The Vision: Vivid Code
In order to use currently best fitting algorithms any Vivid Node instance communicates with one or many connected Vivid Store instances. The communication is initiated with an EVALUATION REQUEST for any connected Vivid Store. This request comprises (E1) an Algorithm Category, (E2) the used Data Type and (E3) the applied Evaluation Metric. Thereupon the connected Vivid Stores respectively use their evaluation lookup tables to respond to this request with an CODE OFFER. This includes the above given information, as well as (O1) an Evaluation Score and (O2) an Algorithm ID, which identifies the algorithm within the Store. The collection of all offers received by Vivid Node within a pre-defined time window are ranked by their evaluation scores.
Thereupon the highest ranked code offers are looked up in a local algorithm cache, by using the combination of the domain name of the store and the algorithm id. If this combination, however, could not be found, Vivid Node creates a CODE REQUEST to the respective store, which includes (C1) the Algorithm ID and (C2) a cryptographic token, that identifies the user. Finally, the transaction is finished, when the store responds to the code request with a CODE ANSWER. This answer depends on the authorization of the user: If the user is unknown or not allowed to receive the algorithm, the answer is constituted by (A1) the Algorithm ID and a respective (A2) Error Notification Flag. If the user, however is authorized the error flag is empty and the answer also comprises (A3) the encoded algorithm.

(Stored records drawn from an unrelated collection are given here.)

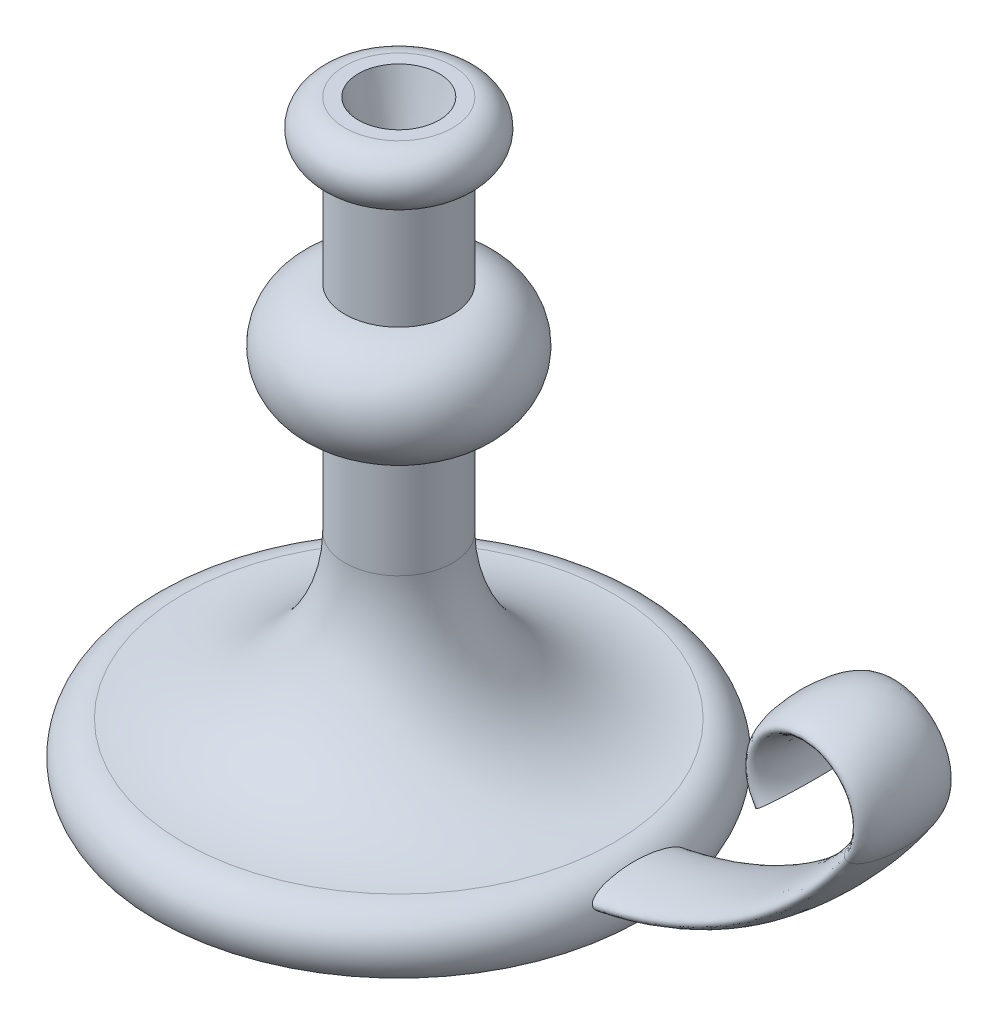
SolidWorks part; units mm, degrees
ref_plane "Front" through (0, 0, 0) normal (0, 0, 1) x (1, 0, 0)
ref_plane "Top" through (0, 0, 0) normal (0, 1, 0) x (1, 0, 0)
ref_plane "Right" through (0, 0, 0) normal (1, 0, 0) x (0, 0, -1)
sketch "Sketch1" plane through (0, 0, 0) normal (0, 0, 1) x (1, 0, 0)
  line L0 (0, 0) -> (0, -220)
  line L1 (0, -220) -> (90, -220)
  line L2 (0, 0) -> (20, 0)
  line L3 (20, -20) -> (20, -60)
  line L4 (20, -100) -> (20, -140)
  arc A0 (20, 0) -> (20, -20) centre (20, -10) cw
  arc A1 (20, -60) -> (20, -100) centre (20, -80) cw
  arc A2 (20, -140) -> (80, -200) centre (80, -140) ccw
  arc A4 (80, -200) -> (90, -220) centre (80, -212.5) cw
  dimension "D4" = 10
  dimension "D6" = 20
  dimension "D7" = 40
  dimension "D5" = 60
  dimension "D8" = 12.5
  dimension "D1" = 220
  dimension "D2" = 90
  dimension "D3" = 20
revolve "Revolve1" add sketch "Sketch1" angle 360 about L0
sketch "Sketch2" plane through (0, 0, 0) normal (0, 0, 1) x (1, 0, 0)
  line L0 (0, -210) -> (60, -210)
  line L1 (0, -264.9786) -> (0, -107.5429) construction
  line L2 (-90, -220) -> (90, -220) construction
  arc A0 (60, -210) -> (183.5921, -145) centre (60, -60) ccw
  arc A1 (183.5921, -145) -> (150.6342, -145) centre (167.1131, -133.6667) ccw
  point P10 (0, 0)
  dimension "D3" = 150
  dimension "D4" = 20
  dimension "D1" = 10
  dimension "D2" = 60
  dimension "D5" = 65
sketch "Sketch3" plane through (0, 0, 0) normal (1, 0, 0) x (0, 0, -1)
  ellipse E0 centre (0, -210) end of major axis (-17.5, -210) minor radius 5
  point P1 (0, 0)
  point P7 (0, 0)
  dimension "D1" = 35
  dimension "D2" = 10
sweep "Sweep1" add profiles "Sketch3" path "Sketch2"
sketch "Sketch4" plane through (0, 0, 0) normal (0, 1, 0) x (1, 0, 0)
  circle A0 centre (0, 0) radius 15
  dimension "D1" = 30
extrude "Cut-Extrude1" cut sketch "Sketch4" against normal blind 25 draft 15
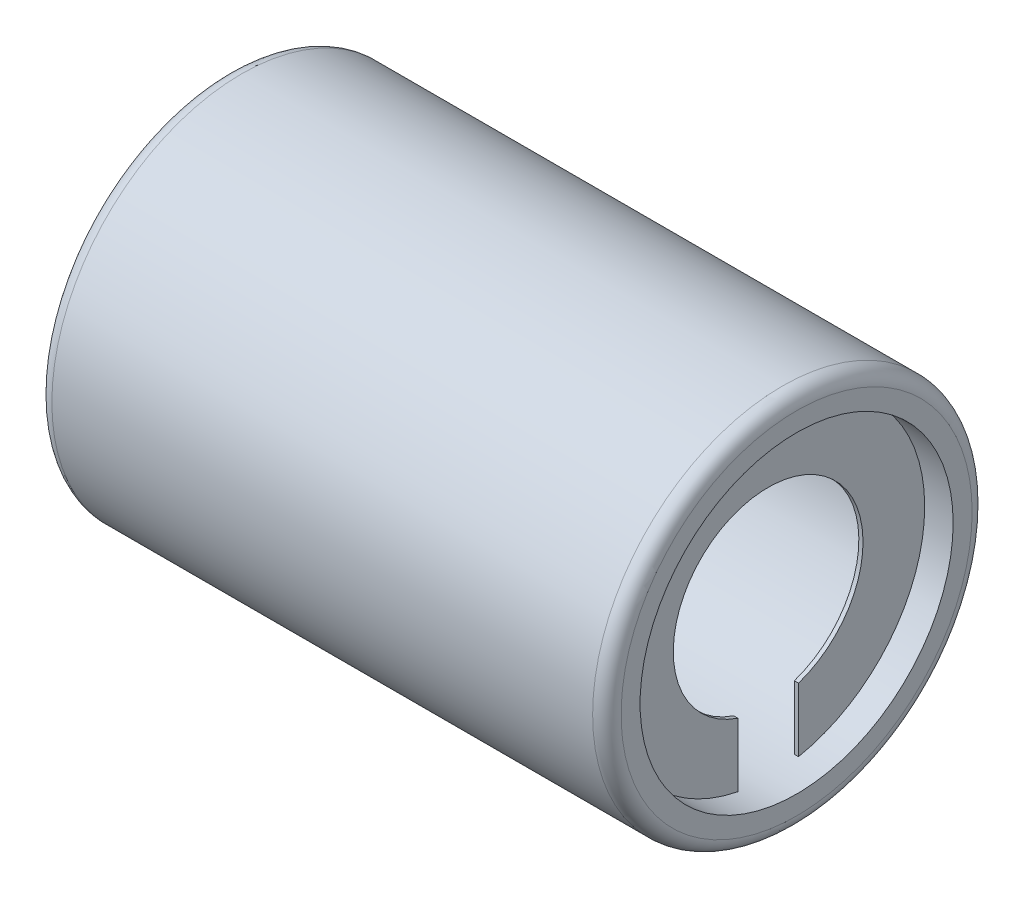
SolidWorks part; units mm, degrees
ref_plane "Front Plane" through (0, 0, 0) normal (0, 0, 1) x (1, 0, 0)
ref_plane "Top Plane" through (0, 0, 0) normal (0, 1, 0) x (1, 0, 0)
ref_plane "Right Plane" through (0, 0, 0) normal (1, 0, 0) x (0, 0, -1)
ref_plane "Plane1" through (0, 0, 0) normal (0, 0, -1) x (-1, 0, 0)
sketch "Sketch1" plane through (0, 0, 0) normal (0, 0, -1) x (-1, 0, 0)
  line L0 (-12, 4) -> (-12, 0)
  line L1 (-12, 0) -> (0, 0)
  line L2 (0, 0) -> (0, 4)
  line L3 (0, 4) -> (-12, 4)
  line L4 (-12, 0) -> (0, 0) construction
revolve "Revolve1" add sketch "Sketch1" angle 360 about L4
hole_wizard "Ø6.6 (6.6) Diameter Hole1" positions "Sketch3" profile "Sketch2" hole size "Ø6.6" standard "ANSI Metric"
sketch "Sketch3" plane through (12, 0, 0) normal (1, 0, 0) x (0, 0, -1)
  point P0 (0, 0)
sketch "Sketch2" plane through (12, 0, 0) normal (0, 1, 0) x (0, 0, -1)
  line L0 (0, 0) -> (0, 12)
  line L1 (0, 12) -> (3.3, 12)
  line L2 (3.3, 12) -> (3.3, 0)
  line L5 (3.3, 0) -> (0, 0)
  line L11 (0, -6.35) -> (0, 107.95) construction
  dimension "Thru Hole Dia." = 6.6
  dimension "Thru Hole Depth" = 12
ref_plane "Plane2" through (11.312, 0, 0) normal (-1, 0, 0) x (0, -1, 0)
sketch "Sketch4" plane through (11.312, 0, 0) normal (-1, 0, 0) x (0, -1, 0)
  line L0 (1.8948, 0.64) -> (3.2373, 0.64)
  line L1 (3.2373, -0.64) -> (1.8948, -0.64)
  arc A0 (3.2373, 0.64) -> (3.2373, -0.64) centre (0, 0) ccw
  arc A1 (1.8948, -0.64) -> (1.8948, 0.64) centre (0, 0) ccw
extrude "Boss-Extrude1" add sketch "Sketch4" against normal blind 0.088
sketch "Sketch5" plane through (0, 0, 0) normal (0, 0, -1) x (-1, 0, 0)
  line L0 (-11.4, 2) -> (-11.4, 0)
  line L1 (-11.4, 0) -> (0, 0)
  line L2 (0, 0) -> (0, 3.3)
  line L3 (0, 3.3) -> (-0.6, 3.3)
  line L4 (-0.6, 3.3) -> (-0.6, 2)
  line L5 (-0.6, 2) -> (-11.4, 2)
  line L6 (-11.4, 0) -> (0, 0) construction
revolve "Cut-Revolve1" cut sketch "Sketch5" angle 360 about L6
fillet "Fillet1" radius 0.3 2 edges at (0, 0, 4) (12, 0, 4)
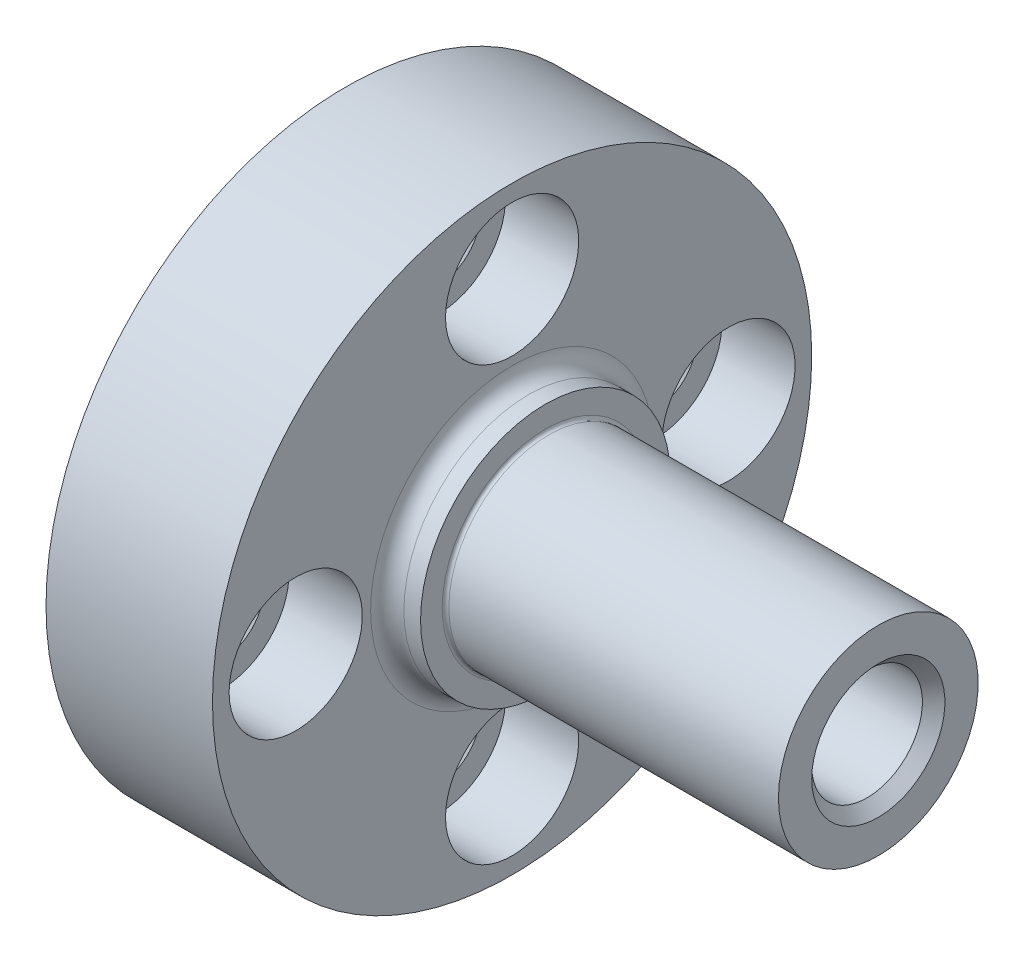
SolidWorks part; units mm, degrees
ref_plane "Front Plane" through (0, 0, 0) normal (0, 0, 1) x (1, 0, 0)
ref_plane "Top Plane" through (0, 0, 0) normal (0, 1, 0) x (1, 0, 0)
ref_plane "Right Plane" through (0, 0, 0) normal (1, 0, 0) x (0, 0, -1)
ref_plane "Plane1" through (0, 0, 0) normal (0, 0, 1) x (1, 0, 0)
sketch "Sketch1" plane through (0, 0, 0) normal (0, 0, 1) x (1, 0, 0)
  line L0 (0, 0) -> (0, 18)
  line L1 (0, 18) -> (10, 18)
  line L2 (10, 18) -> (10, 8.5)
  line L3 (11, 7.5) -> (12, 7.5)
  line L4 (12, 7.5) -> (12, 6.2)
  line L5 (12.2, 6) -> (32, 6)
  line L6 (32, 6) -> (32, 0)
  line L7 (32, 0) -> (0, 0)
  line L8 (32, 0) -> (0, 0) construction
  arc A0 (10, 8.5) -> (11, 7.5) centre (11, 8.5) ccw
  arc A1 (12, 6.2) -> (12.2, 6) centre (12.2, 6.2) ccw
revolve "Revolve1" add sketch "Sketch1" angle 360 about L8
ref_plane "Plane2" through (0, 0, 0) normal (0, 0, 1) x (1, 0, 0)
sketch "Sketch2" plane through (0, 0, 0) normal (0, 0, 1) x (1, 0, 0)
  line L0 (0, 13) -> (0, 15.5)
  line L1 (0, 15.5) -> (0.433, 15.067)
  line L2 (0.433, 15.067) -> (5.167, 15.067)
  line L3 (5.167, 15.067) -> (5.6, 15.5)
  line L4 (5.6, 15.5) -> (5.6, 17)
  line L5 (5.6, 17) -> (10, 17)
  line L6 (10, 17) -> (10, 13)
  line L7 (10, 13) -> (0, 13)
  line L8 (10, 13) -> (0, 13) construction
revolve "Cut-Revolve1" cut sketch "Sketch2" angle 360 about L8
ref_plane "Plane3" through (0, 0, 13) normal (0, 0, 1) x (1, 0, 0)
sketch "Sketch3" plane through (0, 0, 13) normal (0, 0, 1) x (1, 0, 0)
  line L0 (0, 0) -> (0, 2.5)
  line L1 (0, 2.5) -> (0.433, 2.067)
  line L2 (0.433, 2.067) -> (5.167, 2.067)
  line L3 (5.167, 2.067) -> (5.6, 2.5)
  line L4 (5.6, 2.5) -> (5.6, 4)
  line L5 (5.6, 4) -> (10, 4)
  line L6 (10, 4) -> (10, 0)
  line L7 (10, 0) -> (0, 0)
  line L8 (10, 0) -> (0, 0) construction
revolve "Cut-Revolve2" cut sketch "Sketch3" angle 360 about L8
ref_plane "Plane4" through (0, 0, 0) normal (0, 0, 1) x (1, 0, 0)
sketch "Sketch4" plane through (0, 0, 0) normal (0, 0, 1) x (1, 0, 0)
  line L0 (0, -13) -> (0, -10.5)
  line L1 (0, -10.5) -> (0.433, -10.933)
  line L2 (0.433, -10.933) -> (5.167, -10.933)
  line L3 (5.167, -10.933) -> (5.6, -10.5)
  line L4 (5.6, -10.5) -> (5.6, -9)
  line L5 (5.6, -9) -> (10, -9)
  line L6 (10, -9) -> (10, -13)
  line L7 (10, -13) -> (0, -13)
  line L8 (10, -13) -> (0, -13) construction
revolve "Cut-Revolve3" cut sketch "Sketch4" angle 360 about L8
ref_plane "Plane5" through (0, 0, -13) normal (0, 0, 1) x (1, 0, 0)
sketch "Sketch5" plane through (0, 0, -13) normal (0, 0, 1) x (1, 0, 0)
  line L0 (0, 0) -> (0, 2.5)
  line L1 (0, 2.5) -> (0.433, 2.067)
  line L2 (0.433, 2.067) -> (5.167, 2.067)
  line L3 (5.167, 2.067) -> (5.6, 2.5)
  line L4 (5.6, 2.5) -> (5.6, 4)
  line L5 (5.6, 4) -> (10, 4)
  line L6 (10, 4) -> (10, 0)
  line L7 (10, 0) -> (0, 0)
  line L8 (10, 0) -> (0, 0) construction
revolve "Cut-Revolve4" cut sketch "Sketch5" angle 360 about L8
ref_plane "Plane6" through (0, 0, 0) normal (0, 0, 1) x (1, 0, 0)
sketch "Sketch6" plane through (0, 0, 0) normal (0, 0, 1) x (1, 0, 0)
  line L0 (7, 0) -> (8.9188, 3.3235)
  line L1 (8.9188, 3.3235) -> (31.3235, 3.3235)
  line L2 (31.3235, 3.3235) -> (32, 4)
  line L3 (32, 4) -> (32, 0)
  line L4 (32, 0) -> (7, 0)
  line L5 (32, 0) -> (7, 0) construction
revolve "Cut-Revolve5" cut sketch "Sketch6" angle 360 about L5
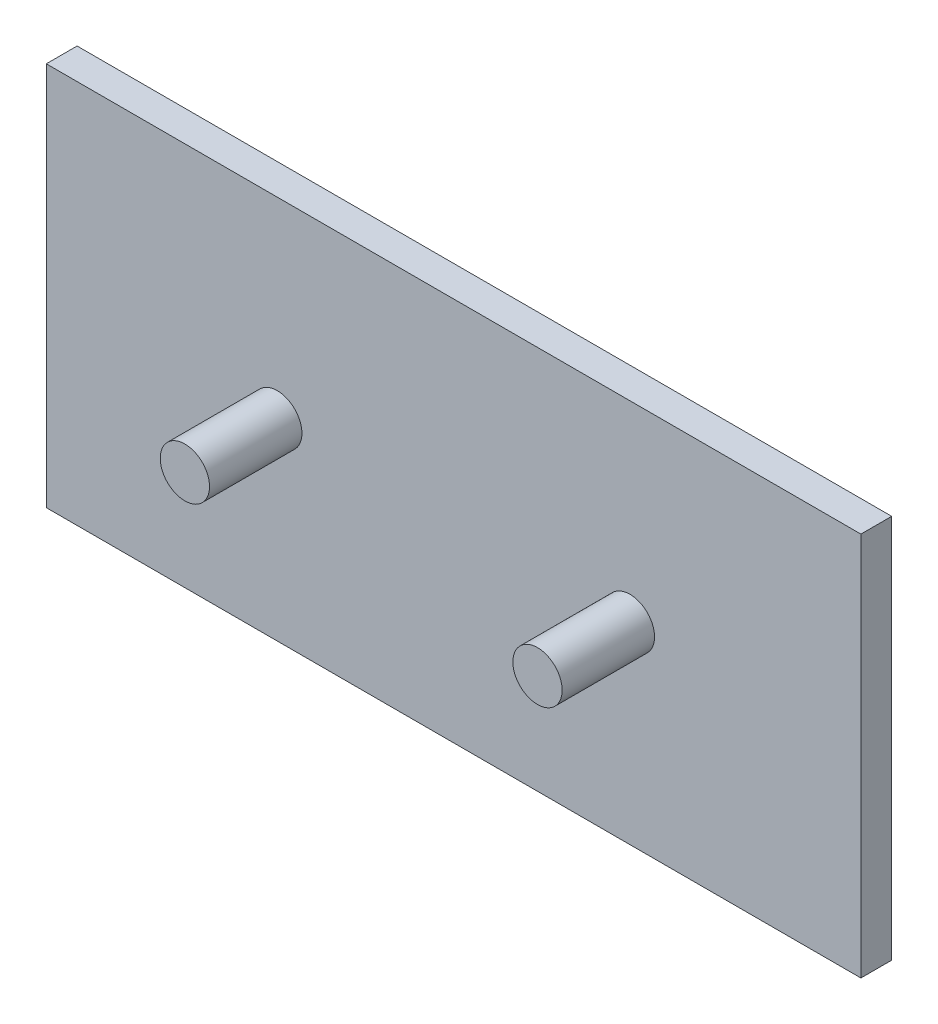
SolidWorks part; units mm, degrees
ref_plane "Front Plane" through (0, 0, 0) normal (0, 0, 1) x (1, 0, 0)
ref_plane "Top Plane" through (0, 0, 0) normal (0, 1, 0) x (1, 0, 0)
ref_plane "Right Plane" through (0, 0, 0) normal (1, 0, 0) x (0, 0, -1)
sketch "Sketch1" plane through (0, 0, 0) normal (0, 0, 1) x (1, 0, 0)
  line L1 (-55.5277, 30.9251) -> (76.6942, 30.9251)
  line L2 (-55.5277, 30.9251) -> (-55.5277, -31.4748)
  line L3 (-55.5277, -31.4748) -> (76.6942, -31.4748)
  line L4 (76.6942, 30.9251) -> (76.6942, -31.4748)
extrude "Boss-Extrude1" add sketch "Sketch1" along normal blind 5
sketch "Sketch2" plane through (0, 0, 5) normal (0, 0, 1) x (1, 0, 0)
  line L0 (-55.5277, -0.2749) -> (76.6942, -0.2749) construction
  line L1 (-55.5277, 30.9251) -> (-55.5277, -31.4748) construction
  line L2 (76.6942, -31.4748) -> (76.6942, 30.9251) construction
  line L3 (10.5832, 30.9251) -> (10.5832, -31.4748) construction
  line L4 (76.6942, 30.9251) -> (-55.5277, 30.9251) construction
  line L5 (-55.5277, -31.4748) -> (76.6942, -31.4748) construction
  circle A0 centre (-18.036, -0.2749) radius 4
  circle A1 centre (39.2025, -0.2749) radius 4
  dimension "D1" = 8
extrude "Boss-Extrude2" add sketch "Sketch2" along normal blind 15
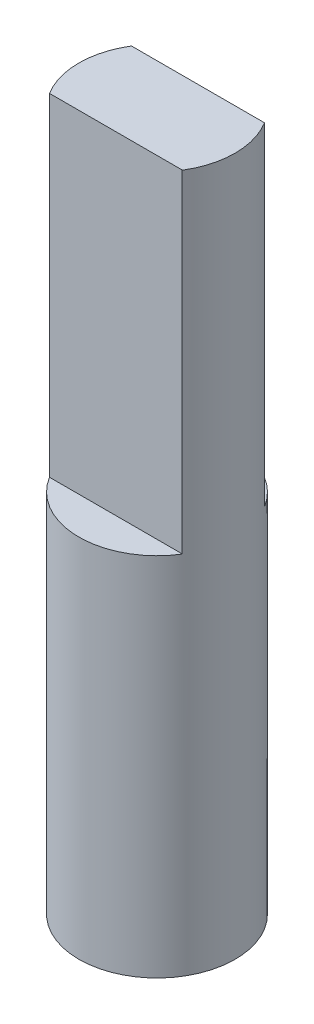
SolidWorks part; units mm, degrees
ref_plane "정면" through (0, 0, 0) normal (0, 0, 1) x (1, 0, 0)
ref_plane "윗면" through (0, 0, 0) normal (0, 1, 0) x (1, 0, 0)
ref_plane "우측면" through (0, 0, 0) normal (1, 0, 0) x (0, 0, -1)
sketch "스케치1" plane through (0, 0, 0) normal (0, 1, 0) x (1, 0, 0)
  circle A0 centre (0, 0) radius 2.35
  dimension "D1" = 4.7
extrude "보스-돌출1" add sketch "스케치1" along normal blind 21
ref_plane "평면1" through (0, 21, 0) normal (0, 1, 0) x (1, 0, 0)
sketch "스케치2" plane through (0, 21, 0) normal (0, 1, 0) x (1, 0, 0)
  line L1 (-2.0036, 1.2339) -> (1.9964, 1.2339)
  line L2 (-2.0036, 1.2339) -> (-2.0036, 2.4671)
  line L3 (-2.0036, 2.4671) -> (1.9964, 2.4671)
  line L4 (1.9964, 1.2339) -> (1.9964, 2.4671)
  line L5 (-2.0036, 1.2339) -> (1.9964, 1.2339)
  line L6 (-2.0036, -1.2339) -> (1.9964, -1.2339)
  line L7 (1.9964, -1.2339) -> (-2.0036, -1.2339)
  line L8 (1.9964, -1.2339) -> (1.9964, -2.4383)
  line L9 (1.9964, -2.4383) -> (-2.0036, -2.4383)
  line L10 (-2.0036, -1.2339) -> (-2.0036, -2.4383)
  point P16 (-0.0036, 1.2339)
  dimension "D2" = 4
  dimension "D3" = 4
extrude "컷-돌출6" cut sketch "스케치2" against normal blind 10 contours L1 L4 L3 L2 | L6 L10 L9 L8

At this point the idea of “currently best fitting” should be quite clear. The above description, however, conceals one essential detail that is necessary to share code between different organizations: For any instance and any collaboration partner, the algorithms of a given category are required to use the same data interface to be interchangeable! At this point, Vivid DB as a universal data mapper joins the team. Vivid Nodes as well as Vivid Stores use Vivid DB to connect to data sources. This allows collaborating organizations to share (or to offer) algorithms and code without the need to share data! Together the three components constitute the Vivid Code framework.
Chances and Applications
For enterprises the incorporation of customer and market information is getting more important. Consequently many enterprises extend their analytical tools in market research and decision support by business intelligence software. Usually, there are two options for the implementation of such projects: In house development and outsourcing by consultants. On closer perspective, however, it becomes apparent that both approaches share a common weakness of individual software: The high TCO. The Vivid Code framework provides a third option by minimizing the TCO through the synergy effects of automated collaborative data science. This allows to minimize the TCO of data analysis projects while keeping them state-of-the-art.
As a data scientist imagine the following situation: The new postgraduate in your workgroup just released a gradient descent that outperforms the one you wrote some years ago by far. The bad news, however, is that nearly any single application in your lab uses your old algorithm. So the basic benefits of the Vivid Code framework in this situation should be quite clear: All your application automatically use the new algorithm. But now, let’s get one step beyond and imagine that your workgroup is interconnected with the algorithm catalogs of many other workgroups… To be quite honest: Personally this picture gives me the creeps.